Abstract

Chronic pain disability is a challenging condition in which biological, psychological, and social factors dynamically interact with each other. Especially the treatment and rehabilitation of patients with CRPS put demands on techniques as well as on the rehabilitation framework. The general recommendation is a multidisciplinary team approach for CRPS patients. The psychological contribution should comprise a thorough assessment, followed by a psychological pain management component including relaxation/biofeedback training, cognitive interventions, behavioral interventions and extended cognitive-behavioral therapy.Approximately one-half to two-third of all patients diagnosed with chronic pain manifest various levels of psychological distress. Still, there is insufficient research-based information about the role of psychological factors in the etiology, prognosis and clinical picture of CRPS.Studies reveal that patients for whom CRPS-1 developed after radial forearm fracture seem to have neither a unique psychological pattern nor display more symptoms of depression than those who fully recover. In fact, CRPS patients seem to have common psychological features and show the same amount of anxiety and depression as patients with Fibromyalgia and Repetitive Strain Injury.

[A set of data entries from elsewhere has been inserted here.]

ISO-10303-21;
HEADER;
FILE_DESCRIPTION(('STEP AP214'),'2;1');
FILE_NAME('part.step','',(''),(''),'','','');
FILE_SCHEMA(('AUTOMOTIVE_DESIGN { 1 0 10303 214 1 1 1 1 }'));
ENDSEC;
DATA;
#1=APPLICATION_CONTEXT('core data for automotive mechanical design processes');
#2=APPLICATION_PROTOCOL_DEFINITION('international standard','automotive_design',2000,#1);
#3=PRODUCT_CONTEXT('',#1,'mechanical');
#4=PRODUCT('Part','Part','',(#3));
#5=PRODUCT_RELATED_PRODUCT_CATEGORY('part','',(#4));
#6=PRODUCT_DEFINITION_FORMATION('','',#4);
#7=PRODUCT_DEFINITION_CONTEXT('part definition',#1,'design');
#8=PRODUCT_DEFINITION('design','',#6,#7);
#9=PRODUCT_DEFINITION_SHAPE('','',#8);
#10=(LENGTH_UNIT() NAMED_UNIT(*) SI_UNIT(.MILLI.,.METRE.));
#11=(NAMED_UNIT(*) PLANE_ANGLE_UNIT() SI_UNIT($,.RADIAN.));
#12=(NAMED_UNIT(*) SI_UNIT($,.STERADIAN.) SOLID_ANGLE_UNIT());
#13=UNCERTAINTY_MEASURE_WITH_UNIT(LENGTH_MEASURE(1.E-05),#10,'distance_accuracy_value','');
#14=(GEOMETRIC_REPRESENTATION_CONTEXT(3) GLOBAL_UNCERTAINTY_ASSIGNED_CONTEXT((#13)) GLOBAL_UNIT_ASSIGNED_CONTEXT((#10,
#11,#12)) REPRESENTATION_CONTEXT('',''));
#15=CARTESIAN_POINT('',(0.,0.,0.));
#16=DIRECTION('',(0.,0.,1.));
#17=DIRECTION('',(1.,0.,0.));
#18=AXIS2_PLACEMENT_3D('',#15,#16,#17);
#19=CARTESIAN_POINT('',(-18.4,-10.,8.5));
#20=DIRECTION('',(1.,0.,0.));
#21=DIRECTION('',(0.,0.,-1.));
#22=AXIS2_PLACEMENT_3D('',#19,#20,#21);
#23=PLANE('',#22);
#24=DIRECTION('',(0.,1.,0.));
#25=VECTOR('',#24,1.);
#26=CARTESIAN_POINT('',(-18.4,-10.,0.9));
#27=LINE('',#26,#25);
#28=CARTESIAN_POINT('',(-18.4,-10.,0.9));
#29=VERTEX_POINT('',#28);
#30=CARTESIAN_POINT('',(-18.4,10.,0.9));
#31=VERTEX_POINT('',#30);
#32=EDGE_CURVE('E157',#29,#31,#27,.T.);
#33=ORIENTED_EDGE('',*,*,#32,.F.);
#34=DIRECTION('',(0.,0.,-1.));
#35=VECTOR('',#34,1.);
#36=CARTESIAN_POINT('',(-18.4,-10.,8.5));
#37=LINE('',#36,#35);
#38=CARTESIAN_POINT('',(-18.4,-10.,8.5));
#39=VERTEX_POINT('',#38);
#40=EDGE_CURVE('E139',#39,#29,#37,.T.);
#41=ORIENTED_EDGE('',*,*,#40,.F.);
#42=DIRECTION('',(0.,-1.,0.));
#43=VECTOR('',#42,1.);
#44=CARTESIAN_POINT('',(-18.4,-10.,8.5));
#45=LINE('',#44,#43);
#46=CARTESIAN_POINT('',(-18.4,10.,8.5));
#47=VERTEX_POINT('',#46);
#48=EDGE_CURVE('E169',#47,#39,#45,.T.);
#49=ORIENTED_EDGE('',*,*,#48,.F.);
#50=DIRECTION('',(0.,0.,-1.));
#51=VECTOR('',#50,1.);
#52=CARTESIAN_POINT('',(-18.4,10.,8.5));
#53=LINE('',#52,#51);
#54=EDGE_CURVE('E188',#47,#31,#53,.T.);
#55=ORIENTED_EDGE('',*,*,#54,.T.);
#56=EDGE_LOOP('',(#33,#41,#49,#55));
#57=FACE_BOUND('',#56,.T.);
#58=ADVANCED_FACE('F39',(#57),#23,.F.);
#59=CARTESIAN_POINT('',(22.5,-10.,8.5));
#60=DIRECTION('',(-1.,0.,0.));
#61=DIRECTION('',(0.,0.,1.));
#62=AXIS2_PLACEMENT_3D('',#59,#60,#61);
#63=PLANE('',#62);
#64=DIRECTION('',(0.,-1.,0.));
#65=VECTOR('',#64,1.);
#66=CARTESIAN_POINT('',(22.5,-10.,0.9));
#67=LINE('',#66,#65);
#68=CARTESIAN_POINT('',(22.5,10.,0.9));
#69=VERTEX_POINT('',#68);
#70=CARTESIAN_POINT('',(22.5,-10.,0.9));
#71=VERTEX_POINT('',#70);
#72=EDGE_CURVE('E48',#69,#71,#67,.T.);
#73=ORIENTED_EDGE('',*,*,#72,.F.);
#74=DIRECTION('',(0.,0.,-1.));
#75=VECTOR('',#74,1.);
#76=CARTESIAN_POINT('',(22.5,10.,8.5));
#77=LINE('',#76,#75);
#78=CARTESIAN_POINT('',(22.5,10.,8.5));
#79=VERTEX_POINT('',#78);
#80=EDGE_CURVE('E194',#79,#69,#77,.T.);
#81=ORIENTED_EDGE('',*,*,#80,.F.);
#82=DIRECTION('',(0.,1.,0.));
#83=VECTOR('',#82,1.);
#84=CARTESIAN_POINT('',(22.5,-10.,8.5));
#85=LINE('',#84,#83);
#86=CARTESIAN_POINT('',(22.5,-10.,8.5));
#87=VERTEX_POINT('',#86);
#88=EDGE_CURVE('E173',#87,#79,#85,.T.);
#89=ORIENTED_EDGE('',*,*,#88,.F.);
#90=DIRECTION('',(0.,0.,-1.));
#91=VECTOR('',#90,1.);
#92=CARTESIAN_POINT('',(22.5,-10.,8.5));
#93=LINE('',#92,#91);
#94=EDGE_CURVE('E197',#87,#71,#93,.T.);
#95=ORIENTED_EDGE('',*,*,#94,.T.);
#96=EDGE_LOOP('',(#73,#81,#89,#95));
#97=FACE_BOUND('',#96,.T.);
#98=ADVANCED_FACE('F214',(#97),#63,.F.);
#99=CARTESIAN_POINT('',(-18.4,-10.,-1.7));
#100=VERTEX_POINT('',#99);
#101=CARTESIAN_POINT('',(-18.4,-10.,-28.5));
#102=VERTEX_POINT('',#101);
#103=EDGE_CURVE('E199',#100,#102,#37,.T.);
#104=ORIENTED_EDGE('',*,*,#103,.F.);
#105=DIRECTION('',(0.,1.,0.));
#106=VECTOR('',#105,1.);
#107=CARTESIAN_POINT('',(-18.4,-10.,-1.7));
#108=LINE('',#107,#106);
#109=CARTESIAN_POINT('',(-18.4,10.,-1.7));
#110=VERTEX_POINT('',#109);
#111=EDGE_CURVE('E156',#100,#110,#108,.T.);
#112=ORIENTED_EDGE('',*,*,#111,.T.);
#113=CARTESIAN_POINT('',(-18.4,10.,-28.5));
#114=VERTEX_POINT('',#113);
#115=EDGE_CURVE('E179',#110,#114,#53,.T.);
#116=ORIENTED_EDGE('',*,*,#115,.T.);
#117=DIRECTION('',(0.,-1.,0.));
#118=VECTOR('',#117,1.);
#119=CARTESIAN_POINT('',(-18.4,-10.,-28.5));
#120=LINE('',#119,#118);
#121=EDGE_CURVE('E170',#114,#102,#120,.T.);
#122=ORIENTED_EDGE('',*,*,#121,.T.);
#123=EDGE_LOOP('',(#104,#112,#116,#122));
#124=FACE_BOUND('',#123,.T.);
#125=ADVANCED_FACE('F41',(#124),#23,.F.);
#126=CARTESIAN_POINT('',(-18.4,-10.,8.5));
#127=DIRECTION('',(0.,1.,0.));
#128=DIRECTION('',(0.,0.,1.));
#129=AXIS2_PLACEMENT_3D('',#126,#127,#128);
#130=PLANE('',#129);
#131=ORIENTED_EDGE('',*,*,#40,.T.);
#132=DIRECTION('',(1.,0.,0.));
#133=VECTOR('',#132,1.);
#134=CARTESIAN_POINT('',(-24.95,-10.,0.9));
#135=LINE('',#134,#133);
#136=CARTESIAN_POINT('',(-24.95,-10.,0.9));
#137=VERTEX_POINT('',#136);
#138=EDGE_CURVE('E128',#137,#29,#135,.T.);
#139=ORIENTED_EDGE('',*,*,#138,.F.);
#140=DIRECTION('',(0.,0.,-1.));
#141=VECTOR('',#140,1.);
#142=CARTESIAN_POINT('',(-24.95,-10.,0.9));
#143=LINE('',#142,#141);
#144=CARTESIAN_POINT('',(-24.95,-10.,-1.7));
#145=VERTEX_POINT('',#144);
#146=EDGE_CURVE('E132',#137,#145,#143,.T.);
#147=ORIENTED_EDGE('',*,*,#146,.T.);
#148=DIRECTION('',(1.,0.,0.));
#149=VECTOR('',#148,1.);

Physical therapy in combination with autogenic relaxation training seems to lead to a significant improvement in limb temperature compared to physical therapy alone.Further research is needed to improve theory about psychological factors in CRPS. At present, there seems to be no published study specifically evaluating psychological factors in the etiology, clinical picture or prognosis of CRPS. Comparative controlled studies should be made to create practical clinical treatment methods for the patients. Probable psychological topics of importance in understanding CRPS are, among other distress factors: affect regulation and particularly alexithymia, fear-avoidance and catastrophising.